Aller à pied à l’école. Un chemin que l’on emprunte chaque jour, deux fois, invariablement. Peut-on se lasser de ce chemin ? Non. Il y a toujours quelque chose de neuf à voir. Mais la mémoire se dérobe. Les détails, les nuances, tout glisse hors de portée. On remarque des choses chaque jour, des choses épatantes, et pourtant, le lendemain, tout s’estompe. D’autres choses neuves viennent effacer celles de la veille.
Mais les saisons demeurent. Elles encadrent l’existence, gardiennes silencieuses qui maintiennent la raison, qui veillent sur la folie des répétitions. Chaque hiver est différent, mais il est en même temps l’hiver. On le sait. Comme l’été. Ce sont des parenthèses ouvertes sur l’immuable.

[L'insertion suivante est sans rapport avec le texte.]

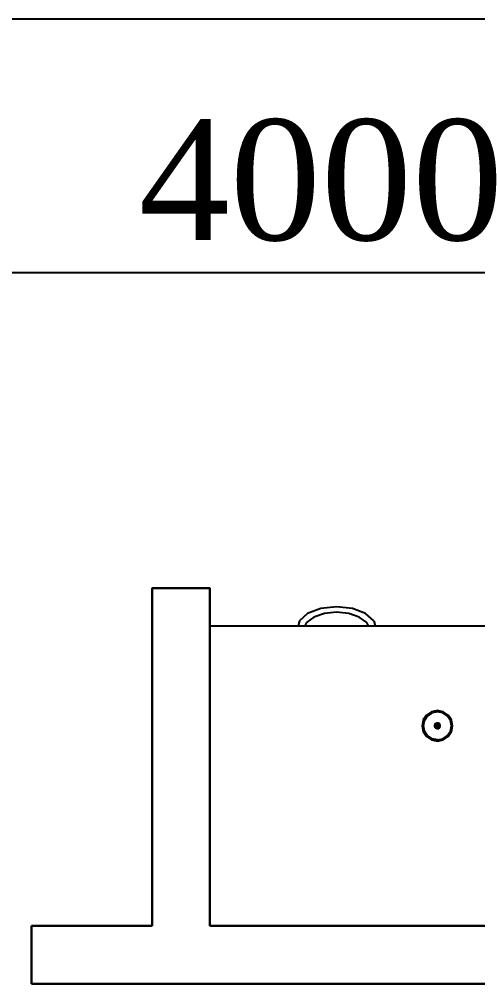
# Model space of a CAD drawing. Header units: inches. Extents: x 2870606 to 3671143, y -733551 to -473558.
# Drawn here: x 3400020 to 3400970, y -508423 to -506423 of the extents above; entities that cross this region are included whole.
import ezdxf

# ---------------------------------------------------------------- set-up
doc = ezdxf.new("R2010")
doc.units = ezdxf.units.IN
doc.header["$MEASUREMENT"] = 0
doc.linetypes.add('ACAD_ISO08W100', pattern=[36, 24, -3, 6, -3])
doc.styles.add('J~stule', font='dutch.ttf')
doc.dimstyles.new('J~style', dxfattribs={"dimscale": 100, "dimtxt": 2.5, "dimasz": 2, "dimexe": 0.55, "dimexo": 0.725, "dimtad": 1, "dimdec": 0, "dimdsep": 46, "dimtxsty": 'J~stule', "dimblk": 'OBLIQUE', "dimcen": 2, "dimdle": 0.5, "dimadec": 0, "dimazin": 0, "dimtfac": 1, "dimtdec": 0, "dimtmove": 0, "dimatfit": 3, "dimfxl": 1, "dimarcsym": 0})

# ---------------------------------------------------------------- blocks, each defined once
blk = doc.blocks.new('fgdgf')
for p, q in [((830048.4, 158583.2, -1288.5), (830048.4, 157961.3, -1288.5)), ((830422.4, 158583.2, -1288.5), (832278.4, 158583.2, -1288.5)), ((830487.9, 158168.3, -1288.5), (830490.3, 158180.5, -1288.5)), ((830490.3, 158180.5, -1288.5), (830497.2, 158190.7, -1288.5)), ((830499.1, 158188.9, -1288.5), (830492.8, 158179.4, -1288.5)), ((830497.2, 158190.7, -1288.5), (830507.5, 158197.6, -1288.5)), ((830499.1, 158188.9, -1288.5), (830508.5, 158195.1, -1288.5)), ((830507.5, 158197.6, -1288.5), (830519.6, 158200, -1288.5)), ((830519.6, 158197.3, -1288.5), (830508.5, 158195.1, -1288.5)), ((830519.6, 158200, -1288.5), (830531.7, 158197.6, -1288.5)), ((830519.6, 158197.3, -1288.5), (830530.7, 158195.1, -1288.5)), ((830530.7, 158195.1, -1288.5), (830540.1, 158188.9, -1288.5)), ((830531.7, 158197.6, -1288.5), (830541.9, 158190.7, -1288.5)), ((830540.1, 158188.9, -1288.5), (830546.4, 158179.4, -1288.5)), ((830541.9, 158190.7, -1288.5), (830548.8, 158180.5, -1288.5)), ((830548.8, 158180.5, -1288.5), (830551.2, 158168.3, -1288.5)), ((830490.3, 158156.2, -1288.5), (830487.9, 158168.3, -1288.5)), ((830492.8, 158179.4, -1288.5), (830490.6, 158168.3, -1288.5)), ((830490.6, 158168.3, -1288.5), (830492.8, 158157.3, -1288.5)), ((830519.6, 158168.3, -1288.5), (830512.3, 158168.3, -1288.5)), ((830512.8, 158171.1, -1288.5), (830519.6, 158168.3, -1288.5)), ((830519.6, 158168.3, -1288.5), (830512.8, 158165.6, -1288.5)), ((830519.6, 158168.3, -1288.5), (830514.4, 158173.5, -1288.5)), ((830519.6, 158168.3, -1288.5), (830514.4, 158163.2, -1288.5)), ((830516.8, 158175.1, -1288.5), (830519.6, 158168.3, -1288.5)), ((830519.6, 158168.3, -1288.5), (830516.8, 158161.6, -1288.5)), ((830519.6, 158168.3, -1288.5), (830519.6, 158175.7, -1288.5)), ((830519.6, 158168.3, -1288.5), (830522.4, 158175.1, -1288.5)), ((830519.6, 158168.3, -1288.5), (830524.7, 158173.5, -1288.5)), ((830519.6, 158168.3, -1288.5), (830526.3, 158171.1, -1288.5)), ((830519.6, 158168.3, -1288.5), (830526.9, 158168.3, -1288.5)), ((830526.3, 158165.6, -1288.5), (830519.6, 158168.3, -1288.5)), ((830524.7, 158163.2, -1288.5), (830519.6, 158168.3, -1288.5)), ((830522.4, 158161.6, -1288.5), (830519.6, 158168.3, -1288.5)), ((830519.6, 158161, -1288.5), (830519.6, 158168.3, -1288.5)), ((830546.4, 158179.4, -1288.5), (830548.6, 158168.3, -1288.5)), ((830548.6, 158168.3, -1288.5), (830546.4, 158157.3, -1288.5)), ((830551.2, 158168.3, -1288.5), (830548.8, 158156.2, -1288.5)), ((830497.2, 158146, -1288.5), (830490.3, 158156.2, -1288.5)), ((830492.8, 158157.3, -1288.5), (830499.1, 158147.8, -1288.5)), ((830507.5, 158139.1, -1288.5), (830497.2, 158146, -1288.5)), ((830499.1, 158147.8, -1288.5), (830508.5, 158141.6, -1288.5)), ((830519.6, 158139.4, -1288.5), (830508.5, 158141.6, -1288.5)), ((830530.7, 158141.6, -1288.5), (830519.6, 158139.4, -1288.5)), ((830540.1, 158147.8, -1288.5), (830530.7, 158141.6, -1288.5)), ((830541.9, 158146, -1288.5), (830531.7, 158139.1, -1288.5)), ((830546.4, 158157.3, -1288.5), (830540.1, 158147.8, -1288.5)), ((830548.8, 158156.2, -1288.5), (830541.9, 158146, -1288.5)), ((830519.6, 158136.7, -1288.5), (830507.5, 158139.1, -1288.5)), ((830531.7, 158139.1, -1288.5), (830519.6, 158136.7, -1288.5)), ((830048.4, 157961.3, -1288.5), (831181.1, 157961.3, -1288.5)), ((830233.6, 157950.9, -1288.5), (830230.9, 157961.3, -1288.5)), ((830248.2, 157954.2, -1288.5), (830244.6, 157961.3, -1288.5)), ((830377.1, 157961.3, -1288.5), (830373.5, 157954.2, -1288.5)), ((830388.1, 157950.9, -1288.5), (830390.7, 157961.3, -1288.5)), ((830250.7, 157935.7, -1288.5), (830233.6, 157950.9, -1288.5)), ((830263.8, 157942.8, -1288.5), (830248.2, 157954.2, -1288.5)), ((830285.7, 157935.5, -1288.5), (830263.8, 157942.8, -1288.5)), ((830357.8, 157942.8, -1288.5), (830335.9, 157935.5, -1288.5)), ((830373.5, 157954.2, -1288.5), (830357.8, 157942.8, -1288.5)), ((830388.1, 157950.9, -1288.5), (830370.9, 157935.7, -1288.5)), ((830278, 157925.4, -1288.5), (830250.7, 157935.7, -1288.5)), ((830310.8, 157921.7, -1288.5), (830278, 157925.4, -1288.5)), ((830310.8, 157932.9, -1288.5), (830285.7, 157935.5, -1288.5)), ((830335.9, 157935.5, -1288.5), (830310.8, 157932.9, -1288.5)), ((830343.7, 157925.4, -1288.5), (830310.8, 157921.7, -1288.5)), ((830370.9, 157935.7, -1288.5), (830343.7, 157925.4, -1288.5))]:
    blk.add_line(p, q)
blk = doc.blocks.new('_Oblique')
at = {"color": 0, "linetype": 'ByBlock', "lineweight": -2}
blk.add_line((-0.5, -0.5), (0.5, 0.5), dxfattribs=at)
blk = doc.blocks.new('*D703')
at = {"color": 0, "lineweight": -2, "transparency": 16777216}
for p, q in [((3398645.4, -506885), (3398645.4, -507003)), ((3402645.4, -506885), (3402645.4, -507003)), ((3398595.4, -506948), (3402695.4, -506948))]:
    blk.add_line(p, q, dxfattribs=at)
at = {"layer": 'Defpoints', "color": 0, "lineweight": 35, "transparency": 16777216}
for p in [(3398645.4, -506812.5, -14.6), (3402645.4, -506812.5), (3402645.4, -506948)]:
    blk.add_point(p, dxfattribs=at)
at = {"color": 0, "lineweight": -2, "transparency": 16777216, "xscale": 200, "yscale": 200, "zscale": 200, "rotation": 180}
blk.add_blockref('_Oblique', (3398645.4, -506948), dxfattribs=at)
at = {"color": 0, "lineweight": -2, "transparency": 16777216, "xscale": 200, "yscale": 200, "zscale": 200}
blk.add_blockref('_Oblique', (3402645.4, -506948), dxfattribs=at)
at = {"color": 0, "transparency": 16777216, "insert": (3400645.4, -506758), "char_height": 250, "attachment_point": 5, "style": 'J~stule'}
blk.add_mtext('4000', dxfattribs=at)

msp = doc.modelspace()

# ---------------------------------------------------------------- linework, layer by layer
at = {"color": 252, "linetype": 'ACAD_ISO08W100', "ltscale": 70}
msp.add_line((3441734.29, -506423.13), (3375840.6, -506423.13), dxfattribs=at)
at = {"lineweight": 30}
for p, q in [((3400045.37, -508303.13), (3400295.37, -508303.13)), ((3400045.37, -508423.13), (3400045.37, -508303.13)), ((3400415.37, -508303.13), (3402645.37, -508303.13)), ((3400045.37, -508423.13), (3403045.37, -508423.13))]:
    msp.add_line(p, q, dxfattribs=at)
at = {"lineweight": 30, "elevation": 94.1}
msp.add_lwpolyline([(3400415.37, -508303.13), (3400415.37, -507603.13), (3400295.37, -507603.13), (3400295.37, -508303.13)], dxfattribs=at)

# ---------------------------------------------------------------- block references
at = {"xscale": -1, "rotation": 180}
msp.add_blockref('fgdgf', (2570367.01, -349719.93, 1288.5), dxfattribs=at)

# ---------------------------------------------------------------- dimensions: what is measured, and where the dimension line sits
dim = msp.add_linear_dim(base=(3402645.37, -506948.02), p1=(3398645.37, -506812.46, -14.55), p2=(3402645.37, -506812.46), dimstyle='J~style', override={"dimdec": 1, "dimtdec": 1})
dim.commit()
dim.dimension.update_dxf_attribs({"geometry": '*D703', "text_midpoint": (3400645.37, -506758.01)})

doc.saveas('drawing.dxf')

À l’intérieur de ces cadres, il y a quoi ? Est-ce qu’on le sait ? Est-ce qu’on s’en soucie ? Ce sont des fragments, des éclats d’une continuité jamais tout à fait rompue.
Le chemin pour aller à l’école, à l’église, à la foire, au cimetière, se répète des dizaines, des centaines de fois. À moins que l’on ne s’égare, que l’on prenne un autre sentier, croyant au changement, à la nouveauté, à la diversité. Mais tôt ou tard, on y revient, à ce chemin-là. Toujours quelque chose de neuf à voir, quelque chose qui efface la nouveauté d’hier.
Et c’est nous qui changeons, insensiblement, à chaque pas. La marche continue, régulière, traversant le temps comme une litanie muette. Le chemin reste le même, mais il se transforme en silence, à la mesure de nos passages, comme si le sol enregistrait, discrètement, la trace de nos pas. La marche, fidèle et fragile, emporte ces fragments de quotidien, les assemble, les dissipe, inlassablement.